Transcatheter aortic valve replacement (TAVR) has been one of the hottest topics in interventional cardiology for years now, and the large crowds at TCT 2023 in San Francisco suggest that will still be the case for many years to come.
The first four late-breaking clinical trials presented at the annual Transcatheter Cardiovascular Therapeutics conference all focused on ongoing developments in the world of TAVR. The presentations occurred Tuesday, Oct. 24, in front of a packed audience that was clearly anticipating the results of these studies.
PARTNER 3 trial
Martin B. Leon, MD, a longtime interventional cardiologist with Columbia University Department of Medicine and a founder of the Cardiovascular Research Foundation, kicked off the festivities with five-year data from the PARTNER 3 trial, which compared outcomes after TAVR with the Sapien 3 valve from Edwards Lifesciences and surgical aortic valve replacement (SAVR) among low-risk patients. His team’s findings were simultaneously published in the New England Journal of Medicine.[1]

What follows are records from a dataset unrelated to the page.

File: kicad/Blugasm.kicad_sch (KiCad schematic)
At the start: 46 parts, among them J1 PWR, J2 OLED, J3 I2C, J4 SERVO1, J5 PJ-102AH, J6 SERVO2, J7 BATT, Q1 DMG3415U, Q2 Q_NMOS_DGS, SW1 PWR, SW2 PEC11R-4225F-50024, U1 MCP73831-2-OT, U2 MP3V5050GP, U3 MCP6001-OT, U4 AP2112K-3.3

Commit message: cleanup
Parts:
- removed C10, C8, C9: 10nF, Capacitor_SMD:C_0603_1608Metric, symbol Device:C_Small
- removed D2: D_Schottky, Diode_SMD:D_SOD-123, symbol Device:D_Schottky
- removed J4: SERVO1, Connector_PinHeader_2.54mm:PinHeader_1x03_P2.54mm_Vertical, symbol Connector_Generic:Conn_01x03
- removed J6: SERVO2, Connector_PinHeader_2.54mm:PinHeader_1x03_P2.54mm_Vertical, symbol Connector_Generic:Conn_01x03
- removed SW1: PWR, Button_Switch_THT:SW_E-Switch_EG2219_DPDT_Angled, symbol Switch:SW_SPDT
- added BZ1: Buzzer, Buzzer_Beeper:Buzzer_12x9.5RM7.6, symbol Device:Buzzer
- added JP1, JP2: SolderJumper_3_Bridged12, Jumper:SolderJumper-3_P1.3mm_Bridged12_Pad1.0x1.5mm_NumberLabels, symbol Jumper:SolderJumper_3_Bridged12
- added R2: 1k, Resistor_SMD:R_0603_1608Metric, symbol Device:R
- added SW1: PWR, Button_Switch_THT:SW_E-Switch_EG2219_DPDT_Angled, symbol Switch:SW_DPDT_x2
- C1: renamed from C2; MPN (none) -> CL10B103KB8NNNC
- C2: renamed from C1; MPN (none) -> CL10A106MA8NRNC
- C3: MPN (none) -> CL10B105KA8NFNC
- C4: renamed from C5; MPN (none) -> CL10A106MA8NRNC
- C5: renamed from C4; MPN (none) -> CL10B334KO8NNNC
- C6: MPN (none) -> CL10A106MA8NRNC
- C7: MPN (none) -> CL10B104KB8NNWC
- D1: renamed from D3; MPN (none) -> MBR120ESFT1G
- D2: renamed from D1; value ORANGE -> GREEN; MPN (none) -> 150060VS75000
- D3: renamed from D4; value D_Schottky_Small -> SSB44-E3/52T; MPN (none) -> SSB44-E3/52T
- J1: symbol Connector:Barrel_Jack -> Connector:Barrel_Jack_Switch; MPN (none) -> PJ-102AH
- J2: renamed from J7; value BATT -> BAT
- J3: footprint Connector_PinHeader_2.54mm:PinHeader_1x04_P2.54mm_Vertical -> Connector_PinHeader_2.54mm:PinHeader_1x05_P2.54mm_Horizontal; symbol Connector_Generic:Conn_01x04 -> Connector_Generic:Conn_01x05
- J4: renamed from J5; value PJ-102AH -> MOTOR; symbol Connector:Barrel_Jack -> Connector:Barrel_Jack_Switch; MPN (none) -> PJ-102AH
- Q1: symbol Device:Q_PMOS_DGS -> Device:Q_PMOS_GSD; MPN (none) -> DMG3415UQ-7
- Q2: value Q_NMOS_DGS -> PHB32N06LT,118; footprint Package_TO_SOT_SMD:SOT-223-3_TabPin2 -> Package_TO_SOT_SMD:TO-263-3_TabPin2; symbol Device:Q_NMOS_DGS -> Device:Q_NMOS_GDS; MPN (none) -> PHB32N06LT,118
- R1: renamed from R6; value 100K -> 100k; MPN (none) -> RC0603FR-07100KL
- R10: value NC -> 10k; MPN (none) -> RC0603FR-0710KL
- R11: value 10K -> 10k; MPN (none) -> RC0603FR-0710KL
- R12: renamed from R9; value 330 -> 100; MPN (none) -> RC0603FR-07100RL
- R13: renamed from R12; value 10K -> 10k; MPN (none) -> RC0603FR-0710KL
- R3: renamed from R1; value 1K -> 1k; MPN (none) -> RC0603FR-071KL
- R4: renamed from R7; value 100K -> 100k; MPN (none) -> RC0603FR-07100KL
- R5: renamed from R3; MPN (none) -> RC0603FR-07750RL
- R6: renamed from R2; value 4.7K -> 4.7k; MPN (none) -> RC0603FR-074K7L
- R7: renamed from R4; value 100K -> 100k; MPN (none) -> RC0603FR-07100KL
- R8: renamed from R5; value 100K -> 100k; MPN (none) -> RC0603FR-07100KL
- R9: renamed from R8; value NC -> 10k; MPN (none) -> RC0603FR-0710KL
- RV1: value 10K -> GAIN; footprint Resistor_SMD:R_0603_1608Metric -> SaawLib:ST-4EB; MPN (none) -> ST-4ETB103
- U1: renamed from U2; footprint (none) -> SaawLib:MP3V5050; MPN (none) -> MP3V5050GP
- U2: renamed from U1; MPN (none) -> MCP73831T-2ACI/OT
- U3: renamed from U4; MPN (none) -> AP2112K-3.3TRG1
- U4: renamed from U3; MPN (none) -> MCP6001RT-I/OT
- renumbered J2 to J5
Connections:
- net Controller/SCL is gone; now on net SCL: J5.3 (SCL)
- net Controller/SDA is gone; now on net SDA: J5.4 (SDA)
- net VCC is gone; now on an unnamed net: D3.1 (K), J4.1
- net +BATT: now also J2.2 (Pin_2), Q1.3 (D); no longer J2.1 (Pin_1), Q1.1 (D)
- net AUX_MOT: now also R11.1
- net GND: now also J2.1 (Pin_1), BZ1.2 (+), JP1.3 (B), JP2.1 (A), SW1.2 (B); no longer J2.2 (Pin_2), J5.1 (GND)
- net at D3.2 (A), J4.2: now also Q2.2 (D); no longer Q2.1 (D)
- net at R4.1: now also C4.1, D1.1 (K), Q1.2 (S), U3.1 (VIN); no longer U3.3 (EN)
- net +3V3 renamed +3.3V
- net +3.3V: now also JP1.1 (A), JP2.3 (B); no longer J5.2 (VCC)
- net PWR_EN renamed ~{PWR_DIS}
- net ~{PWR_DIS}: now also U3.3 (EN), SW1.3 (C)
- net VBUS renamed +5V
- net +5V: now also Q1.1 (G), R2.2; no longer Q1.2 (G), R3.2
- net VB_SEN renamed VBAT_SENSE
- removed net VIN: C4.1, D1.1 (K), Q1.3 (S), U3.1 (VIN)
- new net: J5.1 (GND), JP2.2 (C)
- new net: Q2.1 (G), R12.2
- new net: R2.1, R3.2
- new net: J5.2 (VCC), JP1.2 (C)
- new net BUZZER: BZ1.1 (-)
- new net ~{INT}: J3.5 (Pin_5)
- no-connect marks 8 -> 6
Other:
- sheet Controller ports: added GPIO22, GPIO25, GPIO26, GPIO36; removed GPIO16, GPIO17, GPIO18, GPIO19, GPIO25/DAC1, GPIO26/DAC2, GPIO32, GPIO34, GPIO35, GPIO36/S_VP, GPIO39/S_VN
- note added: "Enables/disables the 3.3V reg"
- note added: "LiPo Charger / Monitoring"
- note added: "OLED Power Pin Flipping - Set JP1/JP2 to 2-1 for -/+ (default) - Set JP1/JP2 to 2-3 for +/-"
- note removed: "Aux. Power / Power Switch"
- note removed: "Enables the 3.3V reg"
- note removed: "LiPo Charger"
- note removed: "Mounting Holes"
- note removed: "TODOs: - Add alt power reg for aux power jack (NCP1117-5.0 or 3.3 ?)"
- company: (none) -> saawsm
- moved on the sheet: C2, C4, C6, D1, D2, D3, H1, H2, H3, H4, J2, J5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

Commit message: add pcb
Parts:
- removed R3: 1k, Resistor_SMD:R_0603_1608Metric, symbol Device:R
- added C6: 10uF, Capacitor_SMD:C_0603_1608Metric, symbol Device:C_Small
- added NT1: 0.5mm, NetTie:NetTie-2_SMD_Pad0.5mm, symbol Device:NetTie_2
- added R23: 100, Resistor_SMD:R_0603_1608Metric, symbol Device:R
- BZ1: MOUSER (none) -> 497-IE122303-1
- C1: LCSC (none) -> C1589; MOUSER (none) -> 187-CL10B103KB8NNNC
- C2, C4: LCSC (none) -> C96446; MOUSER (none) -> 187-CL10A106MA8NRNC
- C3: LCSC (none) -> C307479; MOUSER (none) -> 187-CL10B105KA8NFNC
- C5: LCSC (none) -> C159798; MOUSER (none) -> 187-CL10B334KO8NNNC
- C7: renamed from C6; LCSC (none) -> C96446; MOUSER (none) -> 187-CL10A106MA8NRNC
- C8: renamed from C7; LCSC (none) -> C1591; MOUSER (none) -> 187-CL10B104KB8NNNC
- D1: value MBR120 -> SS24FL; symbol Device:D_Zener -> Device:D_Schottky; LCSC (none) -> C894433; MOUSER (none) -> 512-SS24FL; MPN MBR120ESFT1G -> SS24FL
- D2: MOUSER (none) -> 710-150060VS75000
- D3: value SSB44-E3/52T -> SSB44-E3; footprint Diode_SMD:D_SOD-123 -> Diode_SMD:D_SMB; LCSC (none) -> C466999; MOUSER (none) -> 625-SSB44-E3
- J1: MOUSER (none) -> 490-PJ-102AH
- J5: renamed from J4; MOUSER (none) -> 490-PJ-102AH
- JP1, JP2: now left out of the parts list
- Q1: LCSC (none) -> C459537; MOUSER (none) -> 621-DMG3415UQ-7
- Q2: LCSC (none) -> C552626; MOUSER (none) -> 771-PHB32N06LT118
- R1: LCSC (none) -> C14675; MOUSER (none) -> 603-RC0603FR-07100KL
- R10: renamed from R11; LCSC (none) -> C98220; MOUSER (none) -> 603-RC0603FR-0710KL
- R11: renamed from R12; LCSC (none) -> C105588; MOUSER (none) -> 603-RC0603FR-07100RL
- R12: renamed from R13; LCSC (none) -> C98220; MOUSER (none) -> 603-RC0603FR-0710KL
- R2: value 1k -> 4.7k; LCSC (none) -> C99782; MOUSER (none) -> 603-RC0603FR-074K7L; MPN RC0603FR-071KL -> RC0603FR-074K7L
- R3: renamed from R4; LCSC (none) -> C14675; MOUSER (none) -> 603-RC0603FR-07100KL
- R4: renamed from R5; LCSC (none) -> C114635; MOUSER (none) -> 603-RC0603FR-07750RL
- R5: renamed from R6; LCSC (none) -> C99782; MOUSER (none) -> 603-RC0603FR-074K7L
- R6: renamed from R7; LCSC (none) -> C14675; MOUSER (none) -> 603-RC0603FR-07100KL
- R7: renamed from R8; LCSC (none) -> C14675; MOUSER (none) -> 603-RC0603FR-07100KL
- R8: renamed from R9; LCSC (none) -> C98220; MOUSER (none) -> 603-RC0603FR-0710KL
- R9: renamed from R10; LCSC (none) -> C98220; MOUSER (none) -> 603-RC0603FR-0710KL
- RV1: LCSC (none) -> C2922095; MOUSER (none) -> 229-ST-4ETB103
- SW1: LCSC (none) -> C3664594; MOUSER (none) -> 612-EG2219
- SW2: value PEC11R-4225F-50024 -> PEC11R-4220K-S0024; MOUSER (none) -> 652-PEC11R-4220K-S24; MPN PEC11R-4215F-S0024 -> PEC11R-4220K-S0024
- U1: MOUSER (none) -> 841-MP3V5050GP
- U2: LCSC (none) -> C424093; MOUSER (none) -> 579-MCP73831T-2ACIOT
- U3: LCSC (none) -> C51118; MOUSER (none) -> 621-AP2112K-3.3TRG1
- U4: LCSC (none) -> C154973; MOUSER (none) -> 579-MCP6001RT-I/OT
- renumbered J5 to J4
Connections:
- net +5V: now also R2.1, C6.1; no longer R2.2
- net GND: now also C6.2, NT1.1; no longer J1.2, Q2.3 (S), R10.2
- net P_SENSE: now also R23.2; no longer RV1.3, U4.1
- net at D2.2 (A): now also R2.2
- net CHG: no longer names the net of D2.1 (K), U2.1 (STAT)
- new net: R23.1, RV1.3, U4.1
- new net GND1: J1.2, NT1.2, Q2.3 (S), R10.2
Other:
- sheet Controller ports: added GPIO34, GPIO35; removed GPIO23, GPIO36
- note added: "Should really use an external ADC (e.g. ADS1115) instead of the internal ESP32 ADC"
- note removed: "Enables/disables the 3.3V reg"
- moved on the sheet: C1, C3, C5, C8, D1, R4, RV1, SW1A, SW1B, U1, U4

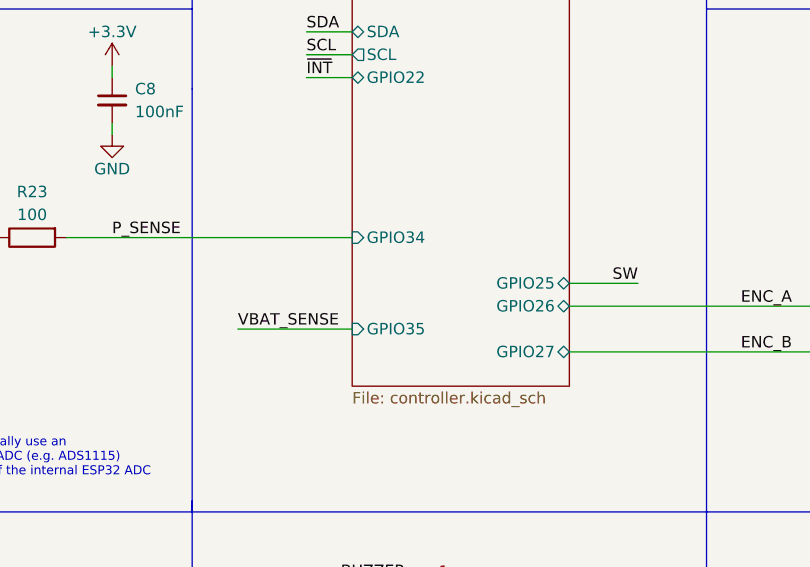
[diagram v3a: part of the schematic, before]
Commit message: use sensor_vp/vn for ADC
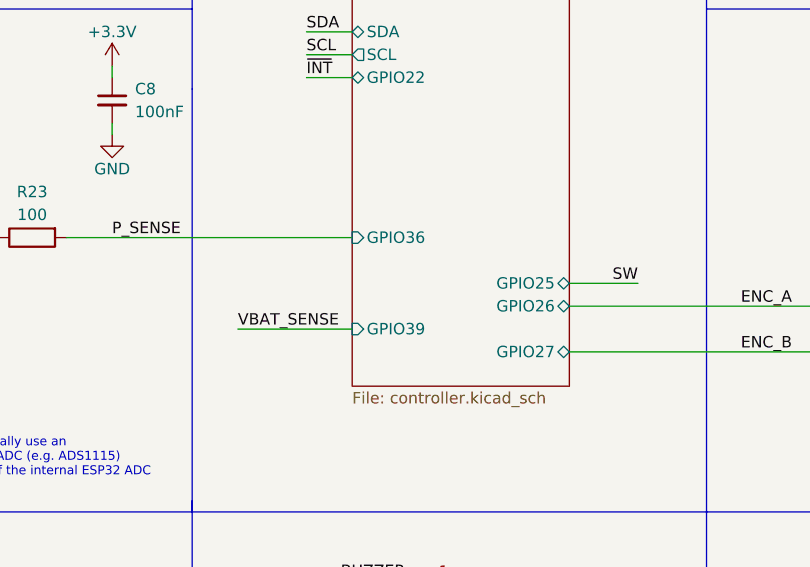
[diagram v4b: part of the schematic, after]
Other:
- sheet Controller ports: added GPIO36, GPIO39; removed GPIO34, GPIO35
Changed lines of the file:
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@@
       (effects (font (size 1.27 1.27)) (justify left))
     )
-    (pin "GPIO34" input (at 139.7 95.25 180)
+    (pin "GPIO36" input (at 139.7 95.25 180)
       (effects (font (size 1.27 1.27)) (justify left))
     )
@@
       (effects (font (size 1.27 1.27)) (justify right))
     )
-    (pin "GPIO35" input (at 139.7 105.41 180)
+    (pin "GPIO39" input (at 139.7 105.41 180)
       (effects (font (size 1.27 1.27)) (justify left))
     )

The analysis included 1,000 low-risk patients randomized to either TAVR or SAVR. Five-year follow-up was achieved in 94.6% of TAVR patients and 88.3% of SAVR patients.
The study’s primary endpoint was the non-hierarchical composite of all-cause death, all stroke or rehospitalization. After one year, TAVR was associated with a statistically significant advantage over SAVR. After five years, TAVR was still associated with improved outcomes compared to SAVR, but the difference was no longer statistically significant.
All in all, the researchers concluded that both treatment options—TAVR and SAVR—were associated with “similar and low clinical event rates,” including cardiovascular death rates of approximately 1% per year, stroke rates of approximately 1% per year and cardiovascular rehospitalization rates of approximately 3% per year.
Meanwhile, new-onset atrial fibrillation (AFib) was more common after surgery, and mild paravalvular leak was more common after SAVR.
Leon’s team ultimately concluded that TAVR with a Sapien 3 valve was a “meaningful alternative” to surgery for low-risk patients with severe, symptomatic aortic stenosis.
“We can tell our patients who have low-risk aortic stenosis that, for these two therapies, by the end of five years, there is more than a 70% chance they will be alive and feeling well with either no or very mild symptoms,” Leon explained. “We can also tell them that, at the end of five years, there is a more than 85% chance with either therapy that they will be alive with what would be a durable heart valve.”
Several thought leaders in the structural heart space discussed the PARTNER 3 findings during a TCT press conference. Bernard Prendergast, DM, an interventional cardiologist with Cleveland Clinic London, was “excited” about the results and said people have been anticipating this update for quite some time.
“I think it’s a win for our field,” added Pinak B. Shah, MD, director of the cardiac cath lab at Brigham and Women’s Hospital.